(Data shown Opens)

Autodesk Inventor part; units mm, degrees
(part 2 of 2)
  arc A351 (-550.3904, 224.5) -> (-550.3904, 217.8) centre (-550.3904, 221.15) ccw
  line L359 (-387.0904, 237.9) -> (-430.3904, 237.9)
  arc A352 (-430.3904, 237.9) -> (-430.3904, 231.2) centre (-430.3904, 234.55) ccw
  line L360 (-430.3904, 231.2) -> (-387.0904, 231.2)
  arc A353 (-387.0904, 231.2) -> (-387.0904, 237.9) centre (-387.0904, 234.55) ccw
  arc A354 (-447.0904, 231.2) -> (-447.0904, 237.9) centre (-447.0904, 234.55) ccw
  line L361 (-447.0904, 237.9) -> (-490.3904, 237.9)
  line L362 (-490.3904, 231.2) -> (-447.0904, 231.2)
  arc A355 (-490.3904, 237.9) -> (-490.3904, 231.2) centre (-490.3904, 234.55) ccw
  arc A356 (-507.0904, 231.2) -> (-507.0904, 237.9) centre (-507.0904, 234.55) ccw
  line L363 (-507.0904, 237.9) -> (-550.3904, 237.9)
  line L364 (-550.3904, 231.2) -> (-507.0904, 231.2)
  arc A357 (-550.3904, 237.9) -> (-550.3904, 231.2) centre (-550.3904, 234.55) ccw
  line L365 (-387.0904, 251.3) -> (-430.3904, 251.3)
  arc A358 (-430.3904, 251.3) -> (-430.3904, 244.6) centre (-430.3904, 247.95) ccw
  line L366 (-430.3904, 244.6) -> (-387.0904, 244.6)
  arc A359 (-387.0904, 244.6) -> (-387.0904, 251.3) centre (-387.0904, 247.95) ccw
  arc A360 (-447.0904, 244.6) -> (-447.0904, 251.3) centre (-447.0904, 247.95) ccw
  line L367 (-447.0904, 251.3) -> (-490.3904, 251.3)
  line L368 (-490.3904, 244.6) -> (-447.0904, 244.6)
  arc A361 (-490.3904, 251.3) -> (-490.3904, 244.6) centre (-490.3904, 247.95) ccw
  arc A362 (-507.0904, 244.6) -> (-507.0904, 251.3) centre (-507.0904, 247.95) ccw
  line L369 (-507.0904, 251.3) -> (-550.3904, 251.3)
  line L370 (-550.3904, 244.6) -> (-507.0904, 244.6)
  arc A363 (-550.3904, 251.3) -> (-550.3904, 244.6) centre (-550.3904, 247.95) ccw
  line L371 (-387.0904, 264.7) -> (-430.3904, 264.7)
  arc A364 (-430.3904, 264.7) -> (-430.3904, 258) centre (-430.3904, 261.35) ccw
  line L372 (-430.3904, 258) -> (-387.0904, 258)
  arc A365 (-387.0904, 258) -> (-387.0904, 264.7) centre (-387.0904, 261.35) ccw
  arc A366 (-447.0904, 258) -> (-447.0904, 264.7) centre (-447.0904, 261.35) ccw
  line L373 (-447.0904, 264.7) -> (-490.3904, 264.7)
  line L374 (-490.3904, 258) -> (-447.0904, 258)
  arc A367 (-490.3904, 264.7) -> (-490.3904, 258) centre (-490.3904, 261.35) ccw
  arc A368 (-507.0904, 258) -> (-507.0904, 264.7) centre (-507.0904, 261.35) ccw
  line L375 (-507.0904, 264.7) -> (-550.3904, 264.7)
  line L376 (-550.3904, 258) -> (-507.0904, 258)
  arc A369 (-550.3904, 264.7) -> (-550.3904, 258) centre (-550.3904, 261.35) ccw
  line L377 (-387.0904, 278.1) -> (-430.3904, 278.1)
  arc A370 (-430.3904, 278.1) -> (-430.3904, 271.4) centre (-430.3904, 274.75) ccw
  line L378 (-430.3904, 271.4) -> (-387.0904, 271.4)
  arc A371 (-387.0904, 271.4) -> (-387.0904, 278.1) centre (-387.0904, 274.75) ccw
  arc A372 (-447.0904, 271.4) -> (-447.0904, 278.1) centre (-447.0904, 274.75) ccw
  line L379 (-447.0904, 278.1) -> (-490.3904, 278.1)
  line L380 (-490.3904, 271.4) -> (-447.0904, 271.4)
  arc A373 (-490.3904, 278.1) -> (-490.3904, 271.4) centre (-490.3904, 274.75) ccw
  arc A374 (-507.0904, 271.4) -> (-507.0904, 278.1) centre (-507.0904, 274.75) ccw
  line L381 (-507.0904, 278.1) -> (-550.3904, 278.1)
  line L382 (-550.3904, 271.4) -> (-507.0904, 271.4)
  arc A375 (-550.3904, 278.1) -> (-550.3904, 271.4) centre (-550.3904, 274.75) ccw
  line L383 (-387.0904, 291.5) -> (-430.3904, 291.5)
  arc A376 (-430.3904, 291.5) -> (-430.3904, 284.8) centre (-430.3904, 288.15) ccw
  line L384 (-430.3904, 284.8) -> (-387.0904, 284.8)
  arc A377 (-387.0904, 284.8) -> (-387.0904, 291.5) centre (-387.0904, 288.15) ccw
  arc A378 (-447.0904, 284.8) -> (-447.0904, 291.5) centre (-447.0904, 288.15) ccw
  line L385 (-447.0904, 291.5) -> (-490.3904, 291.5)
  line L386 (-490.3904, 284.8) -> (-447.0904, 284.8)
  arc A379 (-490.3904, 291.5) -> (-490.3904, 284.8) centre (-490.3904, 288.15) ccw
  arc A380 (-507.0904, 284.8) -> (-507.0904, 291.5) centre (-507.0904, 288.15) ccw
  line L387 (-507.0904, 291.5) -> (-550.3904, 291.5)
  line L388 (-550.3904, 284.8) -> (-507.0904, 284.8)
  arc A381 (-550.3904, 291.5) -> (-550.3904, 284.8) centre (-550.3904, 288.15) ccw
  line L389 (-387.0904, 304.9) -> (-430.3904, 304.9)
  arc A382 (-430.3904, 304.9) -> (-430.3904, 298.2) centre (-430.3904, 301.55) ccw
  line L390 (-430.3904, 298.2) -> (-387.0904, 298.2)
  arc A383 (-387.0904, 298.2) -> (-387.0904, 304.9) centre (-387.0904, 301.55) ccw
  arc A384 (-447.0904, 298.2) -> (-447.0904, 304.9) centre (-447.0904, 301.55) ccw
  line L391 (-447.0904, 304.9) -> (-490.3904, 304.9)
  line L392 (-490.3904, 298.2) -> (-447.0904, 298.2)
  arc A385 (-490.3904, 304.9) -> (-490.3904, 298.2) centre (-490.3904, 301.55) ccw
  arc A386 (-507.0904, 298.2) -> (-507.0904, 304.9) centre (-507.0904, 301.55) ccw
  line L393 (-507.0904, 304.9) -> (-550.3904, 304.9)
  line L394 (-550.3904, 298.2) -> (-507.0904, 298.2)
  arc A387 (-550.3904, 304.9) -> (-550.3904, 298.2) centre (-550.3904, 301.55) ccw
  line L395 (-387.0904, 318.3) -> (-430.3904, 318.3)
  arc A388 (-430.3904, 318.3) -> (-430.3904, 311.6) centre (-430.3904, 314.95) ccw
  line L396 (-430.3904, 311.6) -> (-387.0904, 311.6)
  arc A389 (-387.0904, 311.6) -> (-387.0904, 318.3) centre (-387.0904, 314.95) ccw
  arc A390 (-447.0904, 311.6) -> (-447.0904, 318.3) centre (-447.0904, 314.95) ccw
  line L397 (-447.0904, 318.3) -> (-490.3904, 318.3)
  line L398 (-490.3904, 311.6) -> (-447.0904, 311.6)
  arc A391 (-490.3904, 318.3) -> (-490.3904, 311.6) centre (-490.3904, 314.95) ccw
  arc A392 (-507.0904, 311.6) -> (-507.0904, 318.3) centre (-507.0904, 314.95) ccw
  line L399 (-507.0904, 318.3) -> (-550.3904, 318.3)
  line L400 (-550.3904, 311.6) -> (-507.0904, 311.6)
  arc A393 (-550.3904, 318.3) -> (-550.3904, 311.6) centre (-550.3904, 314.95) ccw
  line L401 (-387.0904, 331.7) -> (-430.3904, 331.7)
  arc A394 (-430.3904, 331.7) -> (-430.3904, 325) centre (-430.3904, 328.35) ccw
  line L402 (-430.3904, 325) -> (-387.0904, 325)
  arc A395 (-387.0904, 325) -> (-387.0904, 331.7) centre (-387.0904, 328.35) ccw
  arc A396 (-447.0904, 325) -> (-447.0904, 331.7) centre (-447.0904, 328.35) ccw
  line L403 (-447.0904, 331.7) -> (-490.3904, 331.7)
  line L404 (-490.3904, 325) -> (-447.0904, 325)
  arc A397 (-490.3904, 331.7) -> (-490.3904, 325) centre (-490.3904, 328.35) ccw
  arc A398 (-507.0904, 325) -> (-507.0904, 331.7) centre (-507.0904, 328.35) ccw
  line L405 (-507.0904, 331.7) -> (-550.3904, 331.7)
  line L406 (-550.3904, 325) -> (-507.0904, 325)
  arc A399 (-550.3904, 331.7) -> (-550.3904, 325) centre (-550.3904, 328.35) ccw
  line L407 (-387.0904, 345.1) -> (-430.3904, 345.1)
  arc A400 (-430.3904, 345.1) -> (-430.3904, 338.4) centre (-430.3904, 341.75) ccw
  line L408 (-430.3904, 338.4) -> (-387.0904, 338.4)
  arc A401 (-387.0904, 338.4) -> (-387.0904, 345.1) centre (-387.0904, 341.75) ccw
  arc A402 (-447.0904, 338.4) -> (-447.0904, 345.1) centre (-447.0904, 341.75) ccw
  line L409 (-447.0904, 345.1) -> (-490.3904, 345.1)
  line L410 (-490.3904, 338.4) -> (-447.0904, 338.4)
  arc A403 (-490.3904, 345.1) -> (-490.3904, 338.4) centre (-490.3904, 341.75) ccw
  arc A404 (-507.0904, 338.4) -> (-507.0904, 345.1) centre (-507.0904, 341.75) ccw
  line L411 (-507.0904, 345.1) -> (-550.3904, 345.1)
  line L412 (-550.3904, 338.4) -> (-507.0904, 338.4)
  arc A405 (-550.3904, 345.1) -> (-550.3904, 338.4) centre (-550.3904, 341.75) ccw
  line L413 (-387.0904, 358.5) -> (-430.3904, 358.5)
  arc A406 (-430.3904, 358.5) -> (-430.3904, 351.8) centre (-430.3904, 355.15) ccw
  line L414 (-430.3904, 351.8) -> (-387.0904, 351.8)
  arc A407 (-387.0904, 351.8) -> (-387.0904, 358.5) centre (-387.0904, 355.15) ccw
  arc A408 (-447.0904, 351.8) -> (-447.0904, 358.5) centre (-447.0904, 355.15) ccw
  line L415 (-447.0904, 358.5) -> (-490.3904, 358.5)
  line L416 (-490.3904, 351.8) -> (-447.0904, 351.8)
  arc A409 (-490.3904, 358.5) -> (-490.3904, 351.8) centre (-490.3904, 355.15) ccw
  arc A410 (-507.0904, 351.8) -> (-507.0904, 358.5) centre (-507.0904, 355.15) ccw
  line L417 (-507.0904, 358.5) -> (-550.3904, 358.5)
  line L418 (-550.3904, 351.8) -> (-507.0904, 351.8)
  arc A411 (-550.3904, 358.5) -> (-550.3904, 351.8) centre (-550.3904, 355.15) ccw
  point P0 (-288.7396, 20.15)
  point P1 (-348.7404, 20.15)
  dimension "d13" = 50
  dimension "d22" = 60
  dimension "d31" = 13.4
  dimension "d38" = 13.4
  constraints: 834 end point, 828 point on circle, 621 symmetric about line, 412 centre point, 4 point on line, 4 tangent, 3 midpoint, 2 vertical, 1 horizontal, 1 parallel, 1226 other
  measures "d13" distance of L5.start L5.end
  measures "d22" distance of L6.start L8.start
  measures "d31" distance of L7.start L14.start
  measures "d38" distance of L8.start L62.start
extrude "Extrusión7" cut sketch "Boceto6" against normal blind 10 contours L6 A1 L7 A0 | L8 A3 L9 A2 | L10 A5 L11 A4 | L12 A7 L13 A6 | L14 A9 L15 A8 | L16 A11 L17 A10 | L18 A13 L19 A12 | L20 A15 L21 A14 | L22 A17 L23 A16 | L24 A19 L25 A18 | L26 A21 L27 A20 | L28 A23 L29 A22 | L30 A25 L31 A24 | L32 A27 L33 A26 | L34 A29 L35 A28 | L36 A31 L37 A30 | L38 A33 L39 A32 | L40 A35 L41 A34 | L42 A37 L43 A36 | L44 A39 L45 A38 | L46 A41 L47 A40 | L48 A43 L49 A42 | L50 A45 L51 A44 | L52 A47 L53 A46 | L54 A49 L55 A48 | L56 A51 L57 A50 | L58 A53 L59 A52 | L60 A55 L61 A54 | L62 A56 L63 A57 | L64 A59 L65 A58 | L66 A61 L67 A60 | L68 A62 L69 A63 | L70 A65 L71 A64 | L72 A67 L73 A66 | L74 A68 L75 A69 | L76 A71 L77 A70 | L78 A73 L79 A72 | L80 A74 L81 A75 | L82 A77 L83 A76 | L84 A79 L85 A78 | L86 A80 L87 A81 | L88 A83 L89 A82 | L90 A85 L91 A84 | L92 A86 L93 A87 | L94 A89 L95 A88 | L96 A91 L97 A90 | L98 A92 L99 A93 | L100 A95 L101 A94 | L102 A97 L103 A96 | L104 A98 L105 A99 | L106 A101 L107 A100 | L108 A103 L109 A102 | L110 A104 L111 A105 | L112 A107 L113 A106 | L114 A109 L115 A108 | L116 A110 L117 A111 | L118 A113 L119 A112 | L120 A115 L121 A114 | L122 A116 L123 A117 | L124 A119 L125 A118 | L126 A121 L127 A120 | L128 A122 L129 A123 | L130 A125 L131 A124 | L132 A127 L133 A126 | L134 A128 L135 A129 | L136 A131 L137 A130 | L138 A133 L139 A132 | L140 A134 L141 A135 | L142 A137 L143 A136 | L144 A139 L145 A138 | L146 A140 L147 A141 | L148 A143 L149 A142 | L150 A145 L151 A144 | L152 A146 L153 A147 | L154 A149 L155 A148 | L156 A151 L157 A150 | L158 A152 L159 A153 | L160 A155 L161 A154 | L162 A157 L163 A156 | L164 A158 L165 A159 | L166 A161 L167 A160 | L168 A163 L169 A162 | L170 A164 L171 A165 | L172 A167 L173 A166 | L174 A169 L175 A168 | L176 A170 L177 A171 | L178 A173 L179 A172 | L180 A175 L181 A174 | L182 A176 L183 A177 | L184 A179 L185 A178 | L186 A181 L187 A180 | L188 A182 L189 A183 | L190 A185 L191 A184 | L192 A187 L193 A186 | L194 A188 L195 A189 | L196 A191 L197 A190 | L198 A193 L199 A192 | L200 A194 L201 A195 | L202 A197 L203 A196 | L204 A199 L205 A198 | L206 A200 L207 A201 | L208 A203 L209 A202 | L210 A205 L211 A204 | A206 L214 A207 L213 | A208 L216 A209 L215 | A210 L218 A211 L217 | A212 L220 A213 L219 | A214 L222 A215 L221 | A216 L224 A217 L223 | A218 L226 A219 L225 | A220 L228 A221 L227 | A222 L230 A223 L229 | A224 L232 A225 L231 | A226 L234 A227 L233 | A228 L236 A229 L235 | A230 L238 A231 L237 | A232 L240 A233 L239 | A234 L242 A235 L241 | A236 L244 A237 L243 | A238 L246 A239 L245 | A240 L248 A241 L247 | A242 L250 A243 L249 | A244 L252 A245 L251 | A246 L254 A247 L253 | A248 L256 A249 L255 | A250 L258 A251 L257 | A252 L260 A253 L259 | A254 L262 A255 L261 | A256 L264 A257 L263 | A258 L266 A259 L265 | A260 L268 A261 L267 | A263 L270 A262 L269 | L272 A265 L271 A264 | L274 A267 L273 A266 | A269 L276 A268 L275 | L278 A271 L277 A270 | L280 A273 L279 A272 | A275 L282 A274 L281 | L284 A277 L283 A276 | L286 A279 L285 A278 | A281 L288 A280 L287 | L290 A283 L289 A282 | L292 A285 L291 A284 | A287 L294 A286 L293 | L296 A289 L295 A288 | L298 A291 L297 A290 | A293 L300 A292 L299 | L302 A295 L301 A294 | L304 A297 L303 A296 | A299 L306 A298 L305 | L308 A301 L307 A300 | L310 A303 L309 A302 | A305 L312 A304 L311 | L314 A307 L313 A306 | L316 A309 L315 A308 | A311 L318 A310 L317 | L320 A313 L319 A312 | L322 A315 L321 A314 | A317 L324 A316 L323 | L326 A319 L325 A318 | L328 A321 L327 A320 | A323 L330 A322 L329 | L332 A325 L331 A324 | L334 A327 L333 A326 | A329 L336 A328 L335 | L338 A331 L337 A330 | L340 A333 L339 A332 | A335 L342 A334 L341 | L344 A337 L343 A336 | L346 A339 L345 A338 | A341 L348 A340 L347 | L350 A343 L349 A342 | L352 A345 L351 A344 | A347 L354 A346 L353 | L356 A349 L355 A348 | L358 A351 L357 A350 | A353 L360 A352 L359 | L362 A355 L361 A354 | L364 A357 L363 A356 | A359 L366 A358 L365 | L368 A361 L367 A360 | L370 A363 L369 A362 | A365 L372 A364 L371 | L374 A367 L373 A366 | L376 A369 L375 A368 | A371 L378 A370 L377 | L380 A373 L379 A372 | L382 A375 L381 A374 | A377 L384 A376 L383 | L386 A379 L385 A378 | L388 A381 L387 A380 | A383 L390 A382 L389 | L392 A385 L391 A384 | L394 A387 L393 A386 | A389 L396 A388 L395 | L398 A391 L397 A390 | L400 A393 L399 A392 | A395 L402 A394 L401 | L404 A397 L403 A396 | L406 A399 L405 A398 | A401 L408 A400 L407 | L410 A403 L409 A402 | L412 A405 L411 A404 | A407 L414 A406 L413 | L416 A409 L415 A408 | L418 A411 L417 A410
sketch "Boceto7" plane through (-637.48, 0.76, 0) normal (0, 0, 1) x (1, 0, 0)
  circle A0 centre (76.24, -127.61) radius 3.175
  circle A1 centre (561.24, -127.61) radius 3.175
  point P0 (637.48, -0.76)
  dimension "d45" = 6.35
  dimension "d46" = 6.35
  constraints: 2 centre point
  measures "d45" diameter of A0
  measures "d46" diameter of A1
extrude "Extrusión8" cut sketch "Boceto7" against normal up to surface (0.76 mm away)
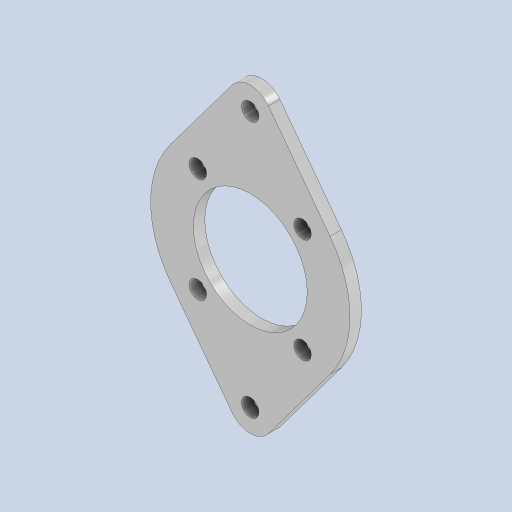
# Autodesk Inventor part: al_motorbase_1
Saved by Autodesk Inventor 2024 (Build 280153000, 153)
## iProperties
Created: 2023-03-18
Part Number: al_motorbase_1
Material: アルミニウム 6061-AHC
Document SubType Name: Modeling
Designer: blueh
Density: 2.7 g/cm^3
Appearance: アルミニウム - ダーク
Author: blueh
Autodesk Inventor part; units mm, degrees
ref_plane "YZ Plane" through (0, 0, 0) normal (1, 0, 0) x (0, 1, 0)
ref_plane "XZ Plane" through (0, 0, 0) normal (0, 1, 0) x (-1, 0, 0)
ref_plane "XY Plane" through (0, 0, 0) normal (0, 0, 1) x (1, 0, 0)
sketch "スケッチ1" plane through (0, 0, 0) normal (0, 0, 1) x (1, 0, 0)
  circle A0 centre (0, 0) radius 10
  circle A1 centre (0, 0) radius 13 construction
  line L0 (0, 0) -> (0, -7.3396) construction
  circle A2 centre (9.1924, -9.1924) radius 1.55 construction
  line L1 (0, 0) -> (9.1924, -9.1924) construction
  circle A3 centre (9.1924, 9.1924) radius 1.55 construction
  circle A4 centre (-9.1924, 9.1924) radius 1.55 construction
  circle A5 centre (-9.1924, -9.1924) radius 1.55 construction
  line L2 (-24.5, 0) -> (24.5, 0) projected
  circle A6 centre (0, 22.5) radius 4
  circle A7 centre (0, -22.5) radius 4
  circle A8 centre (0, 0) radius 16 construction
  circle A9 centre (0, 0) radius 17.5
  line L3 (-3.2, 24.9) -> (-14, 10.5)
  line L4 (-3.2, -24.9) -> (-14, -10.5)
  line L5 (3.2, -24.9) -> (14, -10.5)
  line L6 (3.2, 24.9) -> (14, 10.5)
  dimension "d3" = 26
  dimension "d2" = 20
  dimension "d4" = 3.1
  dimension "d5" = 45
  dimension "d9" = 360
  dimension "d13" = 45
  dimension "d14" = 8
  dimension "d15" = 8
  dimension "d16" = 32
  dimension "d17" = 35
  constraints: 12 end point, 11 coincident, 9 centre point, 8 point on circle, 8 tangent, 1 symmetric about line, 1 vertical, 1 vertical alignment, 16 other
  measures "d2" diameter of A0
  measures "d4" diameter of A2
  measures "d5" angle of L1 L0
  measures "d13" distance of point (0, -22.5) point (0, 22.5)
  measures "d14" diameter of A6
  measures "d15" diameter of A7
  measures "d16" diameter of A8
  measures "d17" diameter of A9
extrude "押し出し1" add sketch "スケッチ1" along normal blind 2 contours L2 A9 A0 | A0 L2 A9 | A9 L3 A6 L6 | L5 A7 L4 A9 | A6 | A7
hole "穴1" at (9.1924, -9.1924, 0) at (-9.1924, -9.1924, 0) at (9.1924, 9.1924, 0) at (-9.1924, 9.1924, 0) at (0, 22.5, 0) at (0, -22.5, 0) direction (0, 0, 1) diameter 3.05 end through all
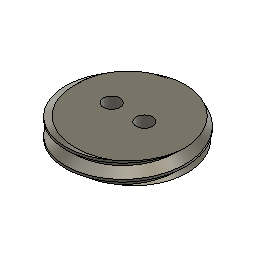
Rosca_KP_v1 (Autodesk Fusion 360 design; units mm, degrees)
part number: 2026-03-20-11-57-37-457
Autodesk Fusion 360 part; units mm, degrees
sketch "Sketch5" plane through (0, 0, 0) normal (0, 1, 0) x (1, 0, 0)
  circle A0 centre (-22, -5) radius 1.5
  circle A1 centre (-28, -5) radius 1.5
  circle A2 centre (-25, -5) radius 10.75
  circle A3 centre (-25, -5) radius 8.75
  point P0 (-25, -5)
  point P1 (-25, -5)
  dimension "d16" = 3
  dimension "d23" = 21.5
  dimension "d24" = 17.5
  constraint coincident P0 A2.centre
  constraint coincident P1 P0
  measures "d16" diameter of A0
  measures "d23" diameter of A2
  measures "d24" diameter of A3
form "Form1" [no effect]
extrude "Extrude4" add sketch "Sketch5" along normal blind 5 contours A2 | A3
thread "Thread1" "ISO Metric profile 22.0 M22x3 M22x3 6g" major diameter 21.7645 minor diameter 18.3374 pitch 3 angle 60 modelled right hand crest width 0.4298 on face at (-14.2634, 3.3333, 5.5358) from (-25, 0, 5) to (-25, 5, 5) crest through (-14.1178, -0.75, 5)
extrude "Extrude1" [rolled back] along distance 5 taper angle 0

(Data shown Closes)

Directions:
Say how many lines in the records hold the word "アルミニウム", giving the number by itself.

Answer to this exercise:
2